* **WHAT THE EXERCISE ASKS**: Transcribe, exactly as they appear, only the lines from the one holding "#29307 = ORIENTED_EDGE" through the end of the entries below.
BEGIN
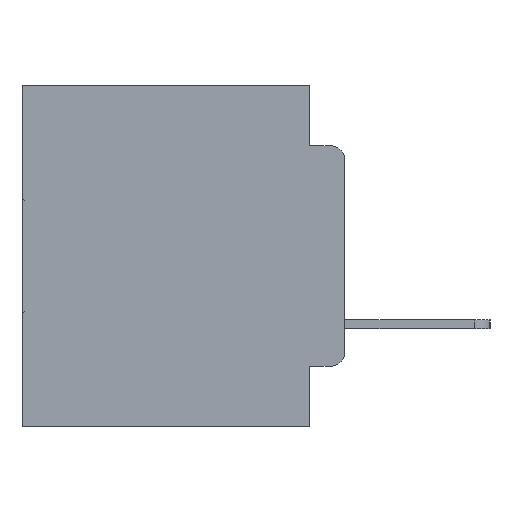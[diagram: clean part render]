
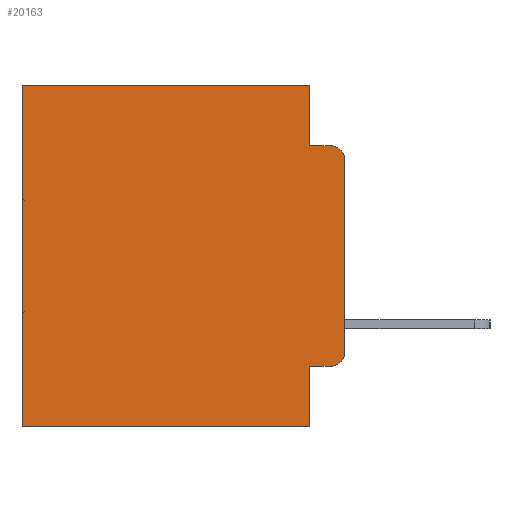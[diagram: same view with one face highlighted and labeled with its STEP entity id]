
A CAD part, left-side view. The second image highlights one B-rep face of the part: STEP entity #20163.
In plain terms, the highlighted planar face has unit normal (-1, 0, 0).
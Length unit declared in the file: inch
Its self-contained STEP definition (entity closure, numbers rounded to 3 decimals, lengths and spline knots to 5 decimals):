
#789 = ORIENTED_EDGE ( 'NONE', *, *, #3448, .F. ) ;
#963 = VERTEX_POINT ( 'NONE', #12601 ) ;
#971 = LINE ( 'NONE', #28024, #6794 ) ;
#1906 = VECTOR ( 'NONE', #5484, 39.37008 ) ;
#2280 = LINE ( 'NONE', #2814, #14733 ) ;
#2633 = CARTESIAN_POINT ( 'NONE',  ( 0.298, 0.02, -0.1085 ) ) ;
#2814 = CARTESIAN_POINT ( 'NONE',  ( 0.298, 0.051, 0. ) ) ;
#2984 = VERTEX_POINT ( 'NONE', #15834 ) ;
#3448 = EDGE_CURVE ( 'NONE', #963, #11073, #18863, .T. ) ;
#3564 = CIRCLE ( 'NONE', #29629, 0.02 ) ;
#5122 = DIRECTION ( 'NONE',  ( 0., 0., -1. ) ) ;
#5269 = CARTESIAN_POINT ( 'NONE',  ( 0.298, 0.051, -0.0885 ) ) ;
#5380 = DIRECTION ( 'NONE',  ( 0., -1., 0. ) ) ;
#5484 = DIRECTION ( 'NONE',  ( 0., -1., 0. ) ) ;
#5845 = VERTEX_POINT ( 'NONE', #19201 ) ;
#5953 = EDGE_LOOP ( 'NONE', ( #19665, #20250, #789, #25227, #7176, #29307, #10589, #9359, #30948, #8035 ) ) ;
#6794 = VECTOR ( 'NONE', #10880, 39.37008 ) ;
#6865 = CIRCLE ( 'NONE', #18790, 0.02 ) ;
#7176 = ORIENTED_EDGE ( 'NONE', *, *, #28700, .T. ) ;
#8035 = ORIENTED_EDGE ( 'NONE', *, *, #28161, .T. ) ;
#8399 = EDGE_CURVE ( 'NONE', #5845, #963, #971, .T. ) ;
#8849 = DIRECTION ( 'NONE',  ( 0., 0., -1. ) ) ;
#9343 = VECTOR ( 'NONE', #8849, 39.37008 ) ;
#9359 = ORIENTED_EDGE ( 'NONE', *, *, #21679, .F. ) ;
#9543 = VERTEX_POINT ( 'NONE', #20449 ) ;
#10292 = DIRECTION ( 'NONE',  ( 0., 0., -1. ) ) ;
#10589 = ORIENTED_EDGE ( 'NONE', *, *, #24103, .F. ) ;
#10795 = CARTESIAN_POINT ( 'NONE',  ( 0.298, 0.02, -0.3915 ) ) ;
#10880 = DIRECTION ( 'NONE',  ( 0., 0., -1. ) ) ;
#10999 = DIRECTION ( 'NONE',  ( 0., 0., -1. ) ) ;
#11073 = VERTEX_POINT ( 'NONE', #14216 ) ;
#12058 = LINE ( 'NONE', #17838, #24366 ) ;
#12252 = VECTOR ( 'NONE', #5380, 39.37008 ) ;
#12601 = CARTESIAN_POINT ( 'NONE',  ( 0.298, 0.051, -0.0885 ) ) ;
#13290 = DIRECTION ( 'NONE',  ( 0., 0., -1. ) ) ;
#13864 = PLANE ( 'NONE',  #27605 ) ;
#14216 = CARTESIAN_POINT ( 'NONE',  ( 0.298, 0.02, -0.0885 ) ) ;
#14669 = VERTEX_POINT ( 'NONE', #22078 ) ;
#14733 = VECTOR ( 'NONE', #10292, 39.37008 ) ;
#15092 = EDGE_CURVE ( 'NONE', #14669, #19644, #15966, .T. ) ;
#15333 = DIRECTION ( 'NONE',  ( 0., 1., 0. ) ) ;
#15834 = CARTESIAN_POINT ( 'NONE',  ( 0.298, 0., -0.1085 ) ) ;
#15966 = LINE ( 'NONE', #16263, #9343 ) ;
#16263 = CARTESIAN_POINT ( 'NONE',  ( 0.298, 0.473, 0. ) ) ;
#16328 = CARTESIAN_POINT ( 'NONE',  ( 0.298, 0., -0.3915 ) ) ;
#16357 = DIRECTION ( 'NONE',  ( 0., 0., -1. ) ) ;
#16748 = EDGE_CURVE ( 'NONE', #9543, #17258, #20914, .T. ) ;
#17258 = VERTEX_POINT ( 'NONE', #31682 ) ;
#17838 = CARTESIAN_POINT ( 'NONE',  ( 0.298, 0., 0. ) ) ;
#18790 = AXIS2_PLACEMENT_3D ( 'NONE', #2633, #19977, #5122 ) ;
#18863 = LINE ( 'NONE', #5269, #12252 ) ;
#18867 = VECTOR ( 'NONE', #24649, 39.37008 ) ;
#19108 = CARTESIAN_POINT ( 'NONE',  ( 0.298, 0.473, -0.5 ) ) ;
#19201 = CARTESIAN_POINT ( 'NONE',  ( 0.298, 0.051, 0. ) ) ;
#19644 = VERTEX_POINT ( 'NONE', #19108 ) ;
#19665 = ORIENTED_EDGE ( 'NONE', *, *, #27163, .F. ) ;
#19953 = VERTEX_POINT ( 'NONE', #22822 ) ;
#19977 = DIRECTION ( 'NONE',  ( -1., 0., 0. ) ) ;
#20163 = ADVANCED_FACE ( 'NONE', ( #27440 ), #13864, .F. ) ;
#20250 = ORIENTED_EDGE ( 'NONE', *, *, #30319, .T. ) ;
#20449 = CARTESIAN_POINT ( 'NONE',  ( 0.298, 0.051, -0.4115 ) ) ;
#20914 = LINE ( 'NONE', #25784, #1906 ) ;
#21679 = EDGE_CURVE ( 'NONE', #9543, #19953, #2280, .T. ) ;
#21771 = VECTOR ( 'NONE', #10999, 39.37008 ) ;
#22078 = CARTESIAN_POINT ( 'NONE',  ( 0.298, 0.473, 0. ) ) ;
#22214 = CARTESIAN_POINT ( 'NONE',  ( 0.298, 0., -0.5 ) ) ;
#22822 = CARTESIAN_POINT ( 'NONE',  ( 0.298, 0.051, -0.5 ) ) ;
#23277 = CARTESIAN_POINT ( 'NONE',  ( 0.298, 0., 0. ) ) ;
#24103 = EDGE_CURVE ( 'NONE', #19953, #19644, #31644, .T. ) ;
#24366 = VECTOR ( 'NONE', #15333, 39.37008 ) ;
#24649 = DIRECTION ( 'NONE',  ( 0., 1., 0. ) ) ;
#25227 = ORIENTED_EDGE ( 'NONE', *, *, #8399, .F. ) ;
#25784 = CARTESIAN_POINT ( 'NONE',  ( 0.298, 0.051, -0.4115 ) ) ;
#27163 = EDGE_CURVE ( 'NONE', #2984, #28289, #28198, .T. ) ;
#27440 = FACE_OUTER_BOUND ( 'NONE', #5953, .T. ) ;
#27605 = AXIS2_PLACEMENT_3D ( 'NONE', #28483, #30835, #16357 ) ;
#27944 = DIRECTION ( 'NONE',  ( -1., 0., 0. ) ) ;
#28024 = CARTESIAN_POINT ( 'NONE',  ( 0.298, 0.051, 0. ) ) ;
#28161 = EDGE_CURVE ( 'NONE', #17258, #28289, #3564, .T. ) ;
#28198 = LINE ( 'NONE', #23277, #21771 ) ;
#28289 = VERTEX_POINT ( 'NONE', #16328 ) ;
#28483 = CARTESIAN_POINT ( 'NONE',  ( 0.298, 0., 0. ) ) ;
#28700 = EDGE_CURVE ( 'NONE', #5845, #14669, #12058, .T. ) ;
#29307 = ORIENTED_EDGE ( 'NONE', *, *, #15092, .T. ) ;
#29629 = AXIS2_PLACEMENT_3D ( 'NONE', #10795, #27944, #13290 ) ;
#30319 = EDGE_CURVE ( 'NONE', #2984, #11073, #6865, .T. ) ;
#30835 = DIRECTION ( 'NONE',  ( 1., 0., 0. ) ) ;
#30948 = ORIENTED_EDGE ( 'NONE', *, *, #16748, .T. ) ;
#31644 = LINE ( 'NONE', #22214, #18867 ) ;
#31682 = CARTESIAN_POINT ( 'NONE',  ( 0.298, 0.02, -0.4115 ) ) ;
END
* **PROBLEM SOLUTION**:
#29307 = ORIENTED_EDGE ( 'NONE', *, *, #15092, .T. ) ;
#29629 = AXIS2_PLACEMENT_3D ( 'NONE', #10795, #27944, #13290 ) ;
#30319 = EDGE_CURVE ( 'NONE', #2984, #11073, #6865, .T. ) ;
#30835 = DIRECTION ( 'NONE',  ( 1., 0., 0. ) ) ;
#30948 = ORIENTED_EDGE ( 'NONE', *, *, #16748, .T. ) ;
#31644 = LINE ( 'NONE', #22214, #18867 ) ;
#31682 = CARTESIAN_POINT ( 'NONE',  ( 0.298, 0.02, -0.4115 ) ) ;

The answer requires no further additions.